[[ Information supplied open ]]

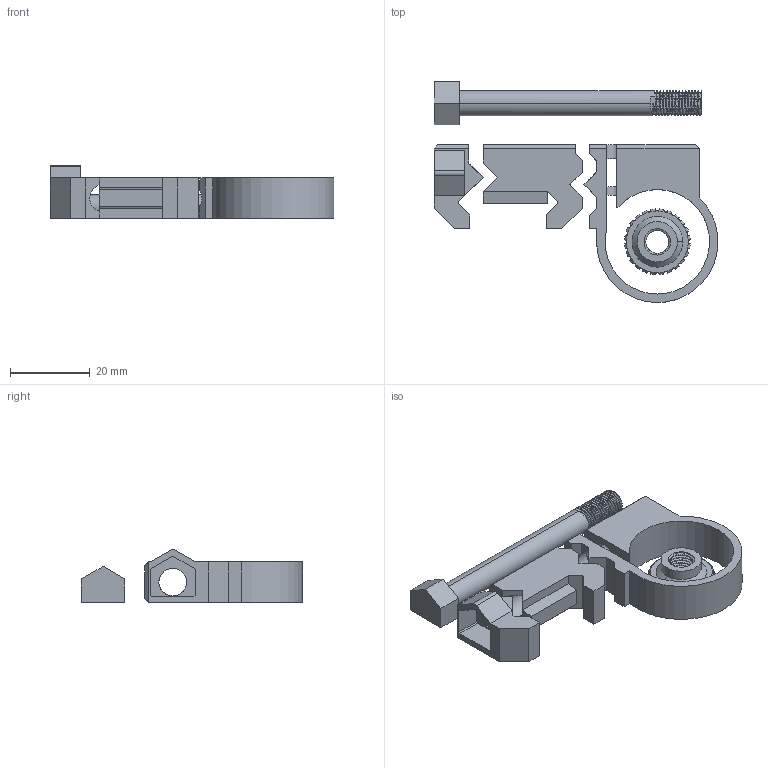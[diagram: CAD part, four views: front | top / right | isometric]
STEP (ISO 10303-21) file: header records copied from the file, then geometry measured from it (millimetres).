
FILE_DESCRIPTION (( 'STEP AP203' ), '1' );
FILE_NAME ('AF-WF-MI-MDL-001-STEP.STEP', '2020-07-21T23:53:35', ( '' ), ( '' ), 'SwSTEP 2.0', 'SolidWorks 2018', '' );
FILE_SCHEMA (( 'CONFIG_CONTROL_DESIGN' ));
Length unit declared in the file: inch
Products named in the file (1): AF-WF-MI-MDL-001-STEP
Bounding box: 71.25 x 55.48 x 13.24 mm (x, y, z)
Volume: 10804.2 mm3; surface area: 9705.8 mm2
Topology: 5 solids, 5 shells, 318 faces, 870 edges, 559 vertices
Faces by surface type: plane 131, cylinder 130, cone 50, bspline 7
Entity records: 15225 total; most frequent: CARTESIAN_POINT 7756, ORIENTED_EDGE 1740, DIRECTION 1320, EDGE_CURVE 870, VERTEX_POINT 559, AXIS2_PLACEMENT_3D 454, VECTOR 412, LINE 412

[[ Information supplied closed ]]

◆ Exercise directions: Write out only what runs from the line holding "STEP (ISO 10303-21)" through the last line of the records, exactly as shown.

◆ Worked solution:
STEP (ISO 10303-21) file: header records copied from the file, then geometry measured from it (millimetres).
FILE_DESCRIPTION (( 'STEP AP203' ), '1' );
FILE_NAME ('AF-WF-MI-MDL-001-STEP.STEP', '2020-07-21T23:53:35', ( '' ), ( '' ), 'SwSTEP 2.0', 'SolidWorks 2018', '' );
FILE_SCHEMA (( 'CONFIG_CONTROL_DESIGN' ));
Length unit declared in the file: inch
Products named in the file (1): AF-WF-MI-MDL-001-STEP
Bounding box: 71.25 x 55.48 x 13.24 mm (x, y, z)
Volume: 10804.2 mm3; surface area: 9705.8 mm2
Topology: 5 solids, 5 shells, 318 faces, 870 edges, 559 vertices
Faces by surface type: plane 131, cylinder 130, cone 50, bspline 7
Entity records: 15225 total; most frequent: CARTESIAN_POINT 7756, ORIENTED_EDGE 1740, DIRECTION 1320, EDGE_CURVE 870, VERTEX_POINT 559, AXIS2_PLACEMENT_3D 454, VECTOR 412, LINE 412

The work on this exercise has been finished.